- **Exercise**:
Find every line in the records below that holds the word "Angle", and copy each one.

- **Records excerpted from a collection**:
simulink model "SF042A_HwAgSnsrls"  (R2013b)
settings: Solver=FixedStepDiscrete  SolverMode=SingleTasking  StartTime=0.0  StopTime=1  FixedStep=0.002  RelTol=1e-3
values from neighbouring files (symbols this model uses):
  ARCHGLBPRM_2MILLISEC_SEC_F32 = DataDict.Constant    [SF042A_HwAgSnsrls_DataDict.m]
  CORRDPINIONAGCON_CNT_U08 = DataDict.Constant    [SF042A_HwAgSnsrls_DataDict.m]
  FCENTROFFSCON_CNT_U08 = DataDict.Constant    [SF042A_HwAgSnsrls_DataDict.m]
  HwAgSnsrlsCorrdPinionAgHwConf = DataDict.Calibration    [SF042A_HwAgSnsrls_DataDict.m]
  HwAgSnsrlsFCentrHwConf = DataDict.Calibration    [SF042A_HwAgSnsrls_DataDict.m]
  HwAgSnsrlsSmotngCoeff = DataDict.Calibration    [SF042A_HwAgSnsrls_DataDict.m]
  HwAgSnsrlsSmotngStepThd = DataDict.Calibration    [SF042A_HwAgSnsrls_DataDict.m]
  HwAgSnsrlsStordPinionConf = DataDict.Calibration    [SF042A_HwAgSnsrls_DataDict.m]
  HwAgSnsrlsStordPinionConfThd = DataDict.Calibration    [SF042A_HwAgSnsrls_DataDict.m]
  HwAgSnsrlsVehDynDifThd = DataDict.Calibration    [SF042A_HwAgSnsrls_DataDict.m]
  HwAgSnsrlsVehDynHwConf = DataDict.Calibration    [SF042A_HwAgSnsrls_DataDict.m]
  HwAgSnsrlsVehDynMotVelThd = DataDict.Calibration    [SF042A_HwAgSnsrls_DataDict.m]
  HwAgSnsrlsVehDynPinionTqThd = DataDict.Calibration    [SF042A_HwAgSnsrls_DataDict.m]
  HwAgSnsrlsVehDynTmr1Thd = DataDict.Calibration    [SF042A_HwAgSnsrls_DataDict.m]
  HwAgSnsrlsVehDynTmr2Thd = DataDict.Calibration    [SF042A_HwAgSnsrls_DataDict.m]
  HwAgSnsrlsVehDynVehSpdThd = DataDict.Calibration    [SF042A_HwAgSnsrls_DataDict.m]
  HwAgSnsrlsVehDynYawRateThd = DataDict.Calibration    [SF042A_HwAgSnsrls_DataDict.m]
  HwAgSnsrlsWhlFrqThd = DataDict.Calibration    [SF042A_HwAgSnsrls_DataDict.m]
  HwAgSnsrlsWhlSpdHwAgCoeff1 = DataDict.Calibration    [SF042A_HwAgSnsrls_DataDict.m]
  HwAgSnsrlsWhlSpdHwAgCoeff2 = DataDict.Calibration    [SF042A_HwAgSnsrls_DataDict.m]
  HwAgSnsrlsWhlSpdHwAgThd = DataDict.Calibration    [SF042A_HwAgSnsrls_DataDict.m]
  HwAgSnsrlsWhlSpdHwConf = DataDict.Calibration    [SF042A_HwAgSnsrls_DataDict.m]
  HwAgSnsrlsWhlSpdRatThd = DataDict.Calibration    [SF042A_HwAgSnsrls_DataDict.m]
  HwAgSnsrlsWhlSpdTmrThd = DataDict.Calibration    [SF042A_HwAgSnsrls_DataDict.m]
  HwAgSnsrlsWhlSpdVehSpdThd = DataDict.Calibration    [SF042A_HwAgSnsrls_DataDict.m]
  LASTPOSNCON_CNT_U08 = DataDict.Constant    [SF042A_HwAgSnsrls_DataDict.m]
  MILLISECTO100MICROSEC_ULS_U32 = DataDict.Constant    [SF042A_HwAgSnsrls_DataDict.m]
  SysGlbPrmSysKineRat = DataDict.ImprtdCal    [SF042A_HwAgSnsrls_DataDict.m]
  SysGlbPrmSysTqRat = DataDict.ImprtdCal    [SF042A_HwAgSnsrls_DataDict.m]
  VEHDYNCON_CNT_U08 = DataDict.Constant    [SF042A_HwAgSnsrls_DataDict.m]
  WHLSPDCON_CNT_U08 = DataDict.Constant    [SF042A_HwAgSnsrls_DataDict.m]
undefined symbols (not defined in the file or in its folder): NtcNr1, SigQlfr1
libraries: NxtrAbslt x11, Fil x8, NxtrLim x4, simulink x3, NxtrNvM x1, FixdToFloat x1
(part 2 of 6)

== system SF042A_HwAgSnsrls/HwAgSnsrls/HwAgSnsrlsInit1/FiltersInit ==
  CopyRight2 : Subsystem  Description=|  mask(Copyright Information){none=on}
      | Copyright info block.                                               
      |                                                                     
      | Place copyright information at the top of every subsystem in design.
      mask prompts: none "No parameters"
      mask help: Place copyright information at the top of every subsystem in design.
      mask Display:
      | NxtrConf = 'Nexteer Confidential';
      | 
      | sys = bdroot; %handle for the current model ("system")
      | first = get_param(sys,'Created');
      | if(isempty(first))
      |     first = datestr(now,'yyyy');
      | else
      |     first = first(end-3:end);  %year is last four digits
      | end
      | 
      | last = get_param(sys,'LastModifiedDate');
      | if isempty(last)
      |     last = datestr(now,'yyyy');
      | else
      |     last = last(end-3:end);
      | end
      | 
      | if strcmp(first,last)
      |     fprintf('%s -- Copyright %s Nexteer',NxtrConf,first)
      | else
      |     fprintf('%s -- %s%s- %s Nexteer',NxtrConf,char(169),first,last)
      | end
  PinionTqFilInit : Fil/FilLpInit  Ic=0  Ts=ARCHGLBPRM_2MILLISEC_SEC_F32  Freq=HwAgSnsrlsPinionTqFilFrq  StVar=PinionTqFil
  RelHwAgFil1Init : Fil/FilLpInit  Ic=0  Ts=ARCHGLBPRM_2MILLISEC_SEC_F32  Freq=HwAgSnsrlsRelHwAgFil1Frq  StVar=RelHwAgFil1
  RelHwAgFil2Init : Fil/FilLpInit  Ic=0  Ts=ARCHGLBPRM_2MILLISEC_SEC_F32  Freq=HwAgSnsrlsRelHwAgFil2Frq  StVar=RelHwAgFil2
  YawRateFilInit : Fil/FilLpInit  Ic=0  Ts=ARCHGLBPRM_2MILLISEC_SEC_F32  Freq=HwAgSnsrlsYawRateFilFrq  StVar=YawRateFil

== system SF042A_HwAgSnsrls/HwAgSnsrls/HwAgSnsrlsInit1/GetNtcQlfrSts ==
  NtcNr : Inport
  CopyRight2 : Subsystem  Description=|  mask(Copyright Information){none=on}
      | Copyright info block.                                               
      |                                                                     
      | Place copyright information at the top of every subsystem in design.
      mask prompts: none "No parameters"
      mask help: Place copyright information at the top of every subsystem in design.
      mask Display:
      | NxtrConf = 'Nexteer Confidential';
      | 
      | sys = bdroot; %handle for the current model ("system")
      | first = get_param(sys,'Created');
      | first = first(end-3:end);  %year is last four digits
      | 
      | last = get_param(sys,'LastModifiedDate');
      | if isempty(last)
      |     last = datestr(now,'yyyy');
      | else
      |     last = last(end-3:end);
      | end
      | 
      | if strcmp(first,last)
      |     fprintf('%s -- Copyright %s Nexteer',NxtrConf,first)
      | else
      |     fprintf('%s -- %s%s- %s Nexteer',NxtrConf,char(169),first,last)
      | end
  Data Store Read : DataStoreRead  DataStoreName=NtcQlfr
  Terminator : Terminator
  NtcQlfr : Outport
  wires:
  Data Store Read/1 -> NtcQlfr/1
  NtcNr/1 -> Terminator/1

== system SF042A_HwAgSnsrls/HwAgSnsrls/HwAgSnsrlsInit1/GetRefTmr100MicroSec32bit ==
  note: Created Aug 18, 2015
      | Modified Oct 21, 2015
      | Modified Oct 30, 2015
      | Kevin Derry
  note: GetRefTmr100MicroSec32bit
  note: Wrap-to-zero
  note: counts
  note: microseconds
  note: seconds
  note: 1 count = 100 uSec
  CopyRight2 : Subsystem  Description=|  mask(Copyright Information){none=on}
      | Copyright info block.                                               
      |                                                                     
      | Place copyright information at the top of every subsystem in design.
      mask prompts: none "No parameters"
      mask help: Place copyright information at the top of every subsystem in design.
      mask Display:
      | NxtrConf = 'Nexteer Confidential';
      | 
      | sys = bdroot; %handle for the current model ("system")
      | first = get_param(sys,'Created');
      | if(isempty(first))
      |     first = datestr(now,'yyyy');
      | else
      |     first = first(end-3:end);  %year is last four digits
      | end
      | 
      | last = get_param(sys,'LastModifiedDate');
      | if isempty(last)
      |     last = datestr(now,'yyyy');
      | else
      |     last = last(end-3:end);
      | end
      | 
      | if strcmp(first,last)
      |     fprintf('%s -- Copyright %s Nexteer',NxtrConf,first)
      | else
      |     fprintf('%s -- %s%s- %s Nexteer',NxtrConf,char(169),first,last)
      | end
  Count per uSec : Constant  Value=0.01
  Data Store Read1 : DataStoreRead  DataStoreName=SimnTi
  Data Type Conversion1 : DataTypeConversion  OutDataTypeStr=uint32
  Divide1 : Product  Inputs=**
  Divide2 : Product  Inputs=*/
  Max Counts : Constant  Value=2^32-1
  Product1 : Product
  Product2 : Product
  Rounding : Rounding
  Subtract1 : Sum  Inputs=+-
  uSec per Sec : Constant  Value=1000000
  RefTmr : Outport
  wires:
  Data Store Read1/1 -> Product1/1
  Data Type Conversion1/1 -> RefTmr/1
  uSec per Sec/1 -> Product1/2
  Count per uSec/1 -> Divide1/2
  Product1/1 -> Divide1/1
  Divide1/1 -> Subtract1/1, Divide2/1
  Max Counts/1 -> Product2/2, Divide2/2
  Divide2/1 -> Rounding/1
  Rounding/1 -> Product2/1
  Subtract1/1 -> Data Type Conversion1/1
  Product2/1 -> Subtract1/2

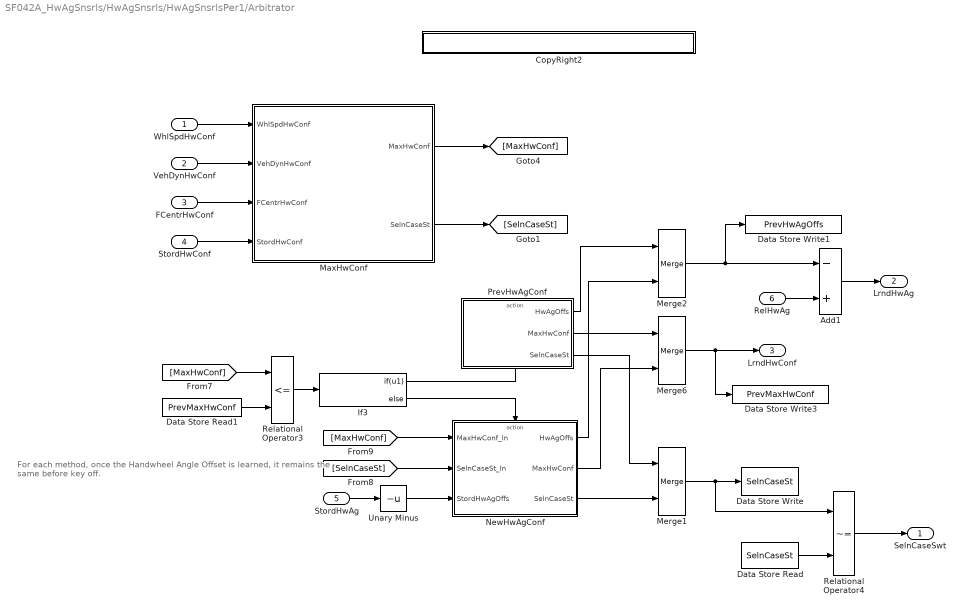
== system SF042A_HwAgSnsrls/HwAgSnsrls/HwAgSnsrlsPer1/Arbitrator ==
  note: For each method, once the Handwheel Angle Offset is learned, it remains the
      | same before key off.
  WhlSpdHwConf : Inport
  VehDynHwConf : Inport  Port=2
  FCentrHwConf : Inport  Port=3
  StordHwConf : Inport  Port=4
  StordHwAg : Inport  Port=5
  RelHwAg : Inport  Port=6
  Add1 : Sum  RequirementInfo="{'linktype_rmi_doors' '00012961 (/E-STEER Core/SubSystem Specifications/Application Functions - EA4/SF042A Handwheel Angle Sensorless)' '#SF042A_91' 'true' 'REQ:  SF042A_91' '' } %GIDa_1ccd16d5_cbcc_41e9_85e2_2e3643f02b11"  Inputs=-+
  CopyRight2 : Subsystem  Description=|  mask(Copyright Information){none=on}
      | Copyright info block.                                               
      |                                                                     
      | Place copyright information at the top of every subsystem in design.
      mask prompts: none "No parameters"
      mask help: Place copyright information at the top of every subsystem in design.
      mask Display:
      | NxtrConf = 'Nexteer Confidential';
      | 
      | sys = bdroot; %handle for the current model ("system")
      | first = get_param(sys,'Created');
      | if(isempty(first))
      |     first = datestr(now,'yyyy');
      | else
      |     first = first(end-3:end);  %year is last four digits
      | end
      | 
      | last = get_param(sys,'LastModifiedDate');
      | if isempty(last)
      |     last = datestr(now,'yyyy');
      | else
      |     last = last(end-3:end);
      | end
      | 
      | if strcmp(first,last)
      |     fprintf('%s -- Copyright %s Nexteer',NxtrConf,first)
      | else
      |     fprintf('%s -- %s%s- %s Nexteer',NxtrConf,char(169),first,last)
      | end
  Data Store Read : DataStoreRead  Priority=1  DataStoreName=SelnCaseSt
  Data Store Read1 : DataStoreRead  RequirementInfo={} %GIDa_f23f8d3d_c4da_4f79_957d_263e33d41729  DataStoreName=PrevMaxHwConf
  Data Store Write : DataStoreWrite  Priority=2  DataStoreName=SelnCaseSt
  Data Store Write1 : DataStoreWrite  DataStoreName=PrevHwAgOffs
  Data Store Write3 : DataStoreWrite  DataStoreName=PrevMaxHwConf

- **Task result**:
  note: For each method, once the Handwheel Angle Offset is learned, it remains the
  Add1 : Sum  RequirementInfo="{'linktype_rmi_doors' '00012961 (/E-STEER Core/SubSystem Specifications/Application Functions - EA4/SF042A Handwheel Angle Sensorless)' '#SF042A_91' 'true' 'REQ:  SF042A_91' '' } %GIDa_1ccd16d5_cbcc_41e9_85e2_2e3643f02b11"  Inputs=-+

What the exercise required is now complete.